# seperated.... need some help



## Kaine (Jul 23, 2008)

hi every body i am new to the forums..
and seeking advice me and wife have seperated for aweek now and i don't know what she wants i know i want to work things out but dont know if she does or not.

we have been married 7years and we hae 2 kids ( 6year old twins ) the problem was i had an addiction to porn and i felt i had to lie about for some resone. and am getting help for this and we are seeing a counseler sepretly for now to try work out are problems i have been honest and truthful abuot every thing esle and only wish i could have come to terms sooner but i couldn't and know here i am...

i know that she has lost all her trust in me and i feel ashamed for what i have done.. 

we are still talking and kinda seeing each other here and there but when i ask her if she wants to work things out all she can say is, I dont know.. 

are marriage has been throuht so much and it has not been easy about 3 1/2 years ago she had an affair and i was devistated by it and i think the only resone it work't out then is because she came to me and started crying and told me about it. and know i was online checking my e-mail and i started looking throuht her e-mail and found that she had sent a picture of her self nude to a guy that we both know..
i never realy thouht of him as a friend but she did.
but after finding it blowup and walk't out.
i am staying with my mother right now and i can't staind it.. i want to be over there working on are marriage but she is unwilling right now.:scratchhead:

i just don't know what to do with myself while she thinks about what she wants in life.. and im lost i dont know what to and am needing some addvice any thing would probly be helpful.


----------



## Kaine (Jul 23, 2008)

ok i now know that she doe still love me and wants to work things out she called me aminute ago and invited me over for dinner.. 7/23/2008

know nobody has posted to my topic but after reading throuht the rest of the forums i can tell that there are alot of careing peaple that are on here alot and all the things that have been posted and all the life stories ive read since i signed up yesterday i know i will be a member for life and will keep updateing my storie so that maybe it will give others hope in there time of need. like so many of the other stories gave me.

one thing i would recommend to anybody is a book called ( his needs her needs ) it help't me better under staind what she was needing from me and i past it on to her she started reading it 3 days ago.. 

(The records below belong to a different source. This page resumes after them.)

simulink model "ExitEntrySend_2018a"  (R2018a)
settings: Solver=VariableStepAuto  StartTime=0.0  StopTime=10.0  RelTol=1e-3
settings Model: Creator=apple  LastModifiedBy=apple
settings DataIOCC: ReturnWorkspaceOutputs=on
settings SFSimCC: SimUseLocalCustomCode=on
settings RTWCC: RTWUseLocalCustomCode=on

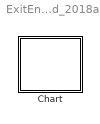
== system ExitEntrySend_2018a ==
  Chart : Stateflow chart  TreatAsAtomicUnit=on

== stateflow chart ExitEntrySend_2018a/Chart ==
  state B
    en:fprintf("Entry B");send(F);
    du:fprintf("During B");
    ex:fprintf("Exit B");
    state B1
      en:fprintf("Entry B1");
      du:fprintf("During B1");
      ex:fprintf("Exit B1");
    state B2
      en:fprintf("Entry B2");
      du:fprintf("During B2");
      ex:fprintf("Exit B2");
    (default) -> B1
  state A
    en:fprintf("Entry A");
    du:fprintf("During A");
    ex:fprintf("Exit A");
    state A1
      en:fprintf("Entry A1");
      du:fprintf("During A1");
      ex:fprintf("Exit A1");send(F);
    (default) -> A1
  (default) -> A
  A1 -> B2 : E/{fprintf("Transition Action1");}
  B2 -> A : F/{fprintf("Transition Action2");}
  events: E local FUNCTION_CALL_EVENT; F local FUNCTION_CALL_EVENT
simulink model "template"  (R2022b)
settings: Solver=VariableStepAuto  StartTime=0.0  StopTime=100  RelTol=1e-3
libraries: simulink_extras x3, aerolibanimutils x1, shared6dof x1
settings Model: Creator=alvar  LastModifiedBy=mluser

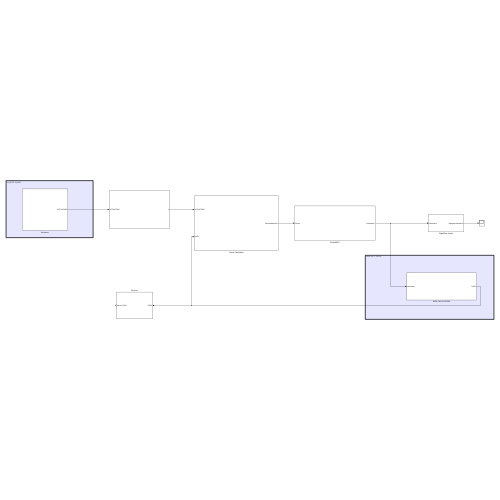
[thumbnail: Simulink's stored preview of the top-level diagram]
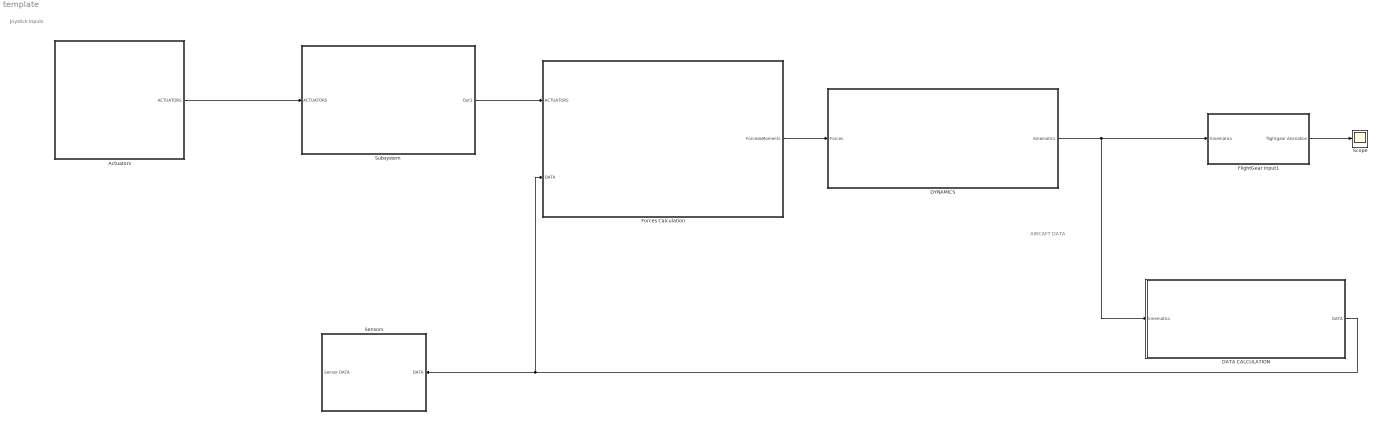
== system template ==
  note: Joystick Inputs
  note: AIRCAFT DATA
  Actuators : Subsystem
  DATA CALCULATION : Subsystem
  DYNAMICS : Subsystem
  FlightGear Input1 : Subsystem
  Forces Calculation : Subsystem
  Scope : Scope
  Sensors : Subsystem
  Subsystem : Subsystem
  wires:
  Forces Calculation/1(Forces&Moments) -> DYNAMICS/1(Forces)
  Actuators/1(ACTUATORS) -> Subsystem/1(ACTUATORS)
  DYNAMICS/1(Kinematics) -> FlightGear Input1/1(Kinematics), DATA CALCULATION/1(kinematics)
  DATA CALCULATION/1(DATA) -> Forces Calculation/2(DATA), Sensors/1(DATA)
  FlightGear Input1/1(flightgear Animation) -> Scope/1
  Subsystem/1(Out1) -> Forces Calculation/1(ACTUATORS)

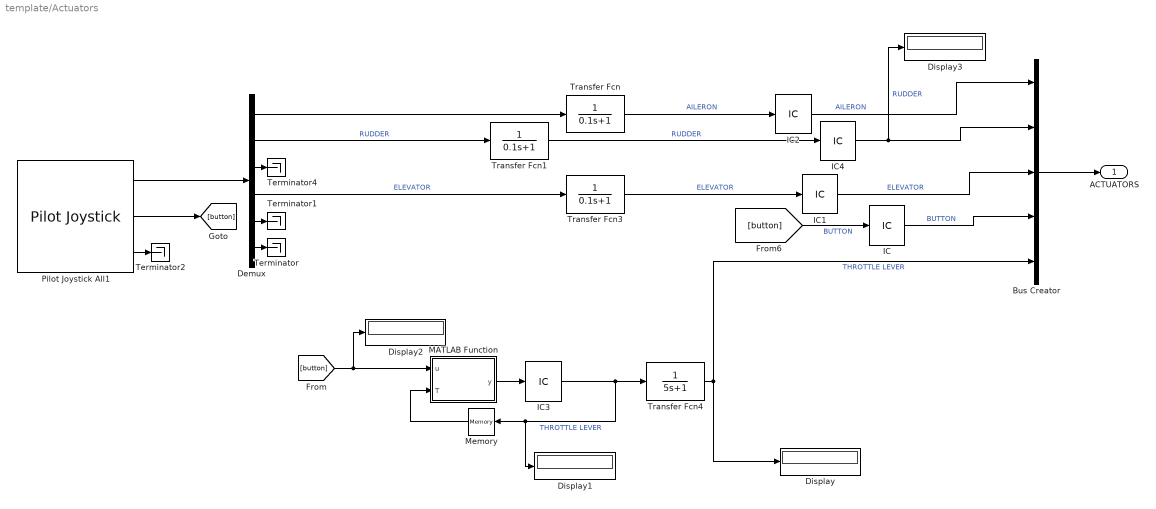
== system template/Actuators ==
  Bus Creator : BusCreator  Inputs=5
  Demux : Demux  Outputs=6
  Display{,1..3} (4 alike) : Display
  IC{,1..4} (5 alike) : InitialCondition  Value=0
  MATLAB Function : MATLAB Function  TreatAsAtomicUnit=on
  Memory : Memory
  Pilot Joystick All1 : aerolibanimutils/Pilot Joystick  JoystickID=Joystick1  OutputConfiguration=AllOutputs  SampleTime=1/30
      settings: LibrarySourceBlock=aerolibanimutils/Pilot Joystick All
  Terminator{,1..2,4} (4 alike) : Terminator
  Transfer Fcn : TransferFcn  Denominator=[0.1 1]
  Transfer Fcn1 : TransferFcn  Denominator=[0.1 1]
  Transfer Fcn3 : TransferFcn  Denominator=[0.1 1]
  Transfer Fcn4 : TransferFcn  Denominator=[5 1]
  ACTUATORS : Outport
  wires:
  Pilot Joystick All1/1 -> Demux/1
  Pilot Joystick All1/3 -> Terminator2/1
  Transfer Fcn3/1 -> IC1/1  "ELEVATOR"
  Pilot Joystick All1/2 -> [button]
  [button] -> IC/1  "BUTTON"
  Bus Creator/1 -> ACTUATORS/1
  IC/1 -> Bus Creator/4  "BUTTON"
  Transfer Fcn1/1 -> IC4/1  "RUDDER"
  Transfer Fcn/1 -> IC2/1  "AILERON"
  Demux/1 -> Transfer Fcn/1
  Demux/6 -> Terminator/1
  Demux/5 -> Terminator1/1
  Demux/4 -> Transfer Fcn3/1  "ELEVATOR"
  Demux/2 -> Transfer Fcn1/1  "RUDDER"
  Memory/1 -> MATLAB Function/2(T)
  IC3/1 -> Display1/1, Memory/1, Transfer Fcn4/1  "THROTTLE LEVER"
  MATLAB Function/1(y) -> IC3/1
  [button] -> Display2/1, MATLAB Function/1(u)
  Demux/3 -> Terminator4/1
  Transfer Fcn4/1 -> Display/1, Bus Creator/5  "THROTTLE LEVER"
  IC2/1 -> Bus Creator/1  "AILERON"
  IC4/1 -> Display3/1, Bus Creator/2  "RUDDER"
  IC1/1 -> Bus Creator/3  "ELEVATOR"

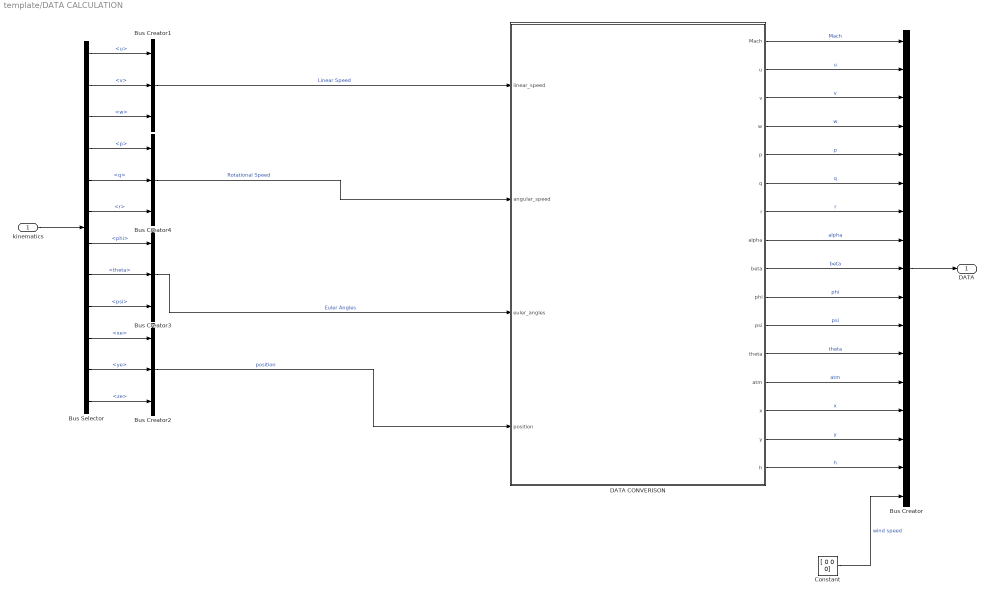
== system template/DATA CALCULATION ==
  kinematics : Inport
  Bus Creator : BusCreator  Inputs=17
  Bus Creator{1..4} (4 alike) : BusCreator  Inputs=3
  Bus Selector : BusSelector  OutputSignals=u,v,w,p,q,r,phi,theta,psi,xe,ye,ze
  Constant : Constant  Value=[ 0 0 0]
  DATA CONVERISON : MATLAB Function  TreatAsAtomicUnit=on
  DATA : Outport
  wires:
  kinematics/1 -> Bus Selector/1
  Bus Creator1/1 -> DATA CONVERISON/1(linear_speed)  "Linear Speed"
  Bus Creator4/1 -> DATA CONVERISON/2(angular_speed)  "Rotational Speed"
  Bus Creator3/1 -> DATA CONVERISON/3(euler_angles)  "Euler Angles"
  DATA CONVERISON/1(Mach) -> Bus Creator/1  "Mach"
  DATA CONVERISON/2(u) -> Bus Creator/2  "u"
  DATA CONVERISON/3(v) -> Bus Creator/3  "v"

I am from a broken home my dad left when i was 14 leaveing my mom with all the bills and 3 kids to support so when i turned 15 i tested out of school and started working fulltime and have been working fulltime ever since with my current job i have been working up to 100hours a week so that did not leave hardly any time for my family or freinds and i lost site of what was inportant to me and was on the brink of looseing everything because of an addiction and the fact that i am a workaholic.. but right now i am looking for a job that leaves me more time for my family so i can show her how much i care and that is nothing in this world that could replace her in my life..
so i will post anything that will mite help others under staind.
that giving up is a choice and i made the choice not to give up and try harder by calling her just to talk and trying to talk about what on her mind and mine. 
i now no that the hole cause of are problems was communication and that honesty is allways the best way.
i called her yesterday and w met at a park so we could talk and we did i sat there with her and told her every thing i had ever done ( she allreddy knew but i was not honest with her about it when it happend ) to her and the girlfriends before her and ask her to help me with my addiction and she was willing to help. she said that she was not mad at me for looking at porn she was mad because i lied about it and she does not see a problem with looking at porn but i still feel that for somee peaple it a sickness and i am one of those peaple. when i was looking at porn it did make me happy or feel good I felt ashamed and used for some resone. i ask her to help me and that's all I think i need is her support.
and about her affair (it was a one night staind while i was out of town for work )i know now that it can make a marriage stronger.. but have to talk about it and let her/him know how you feel without yelling or anything like that. when she told me i left the house and drove around for afew hours and thouht about it and when't home and she was not there she had gone to mothers house and was to ashamed to speak to me so i left her a letter and she called me an hour after i left and i have not left her side since that day untill now.
but you can not dwell on things in the past. and her having the abbility to come to me and tell me that. made me admire her honesty and my love for her grow even stronger we where only apart for 3days then and i have learned to fully trust her again and hope that she will be able to fully trust me in the future but i know it will take time. and I am going to have to stay strong and show her i can change..
and i want to move back home but she said she is not reddy for that yet but hopefully in time she will be

and any advice is welcome and i thank you for the help in advance.
these forums are full of other peaple that are haveing maital problems and i did not think that was hope for me untill i started reading.


----------



## swedish (Mar 6, 2008)

Hi Kaine,

Another good book, if you're interested, is the 5 love languages by Chapman. I'm glad you stumbled upon this forum and plan to stick around.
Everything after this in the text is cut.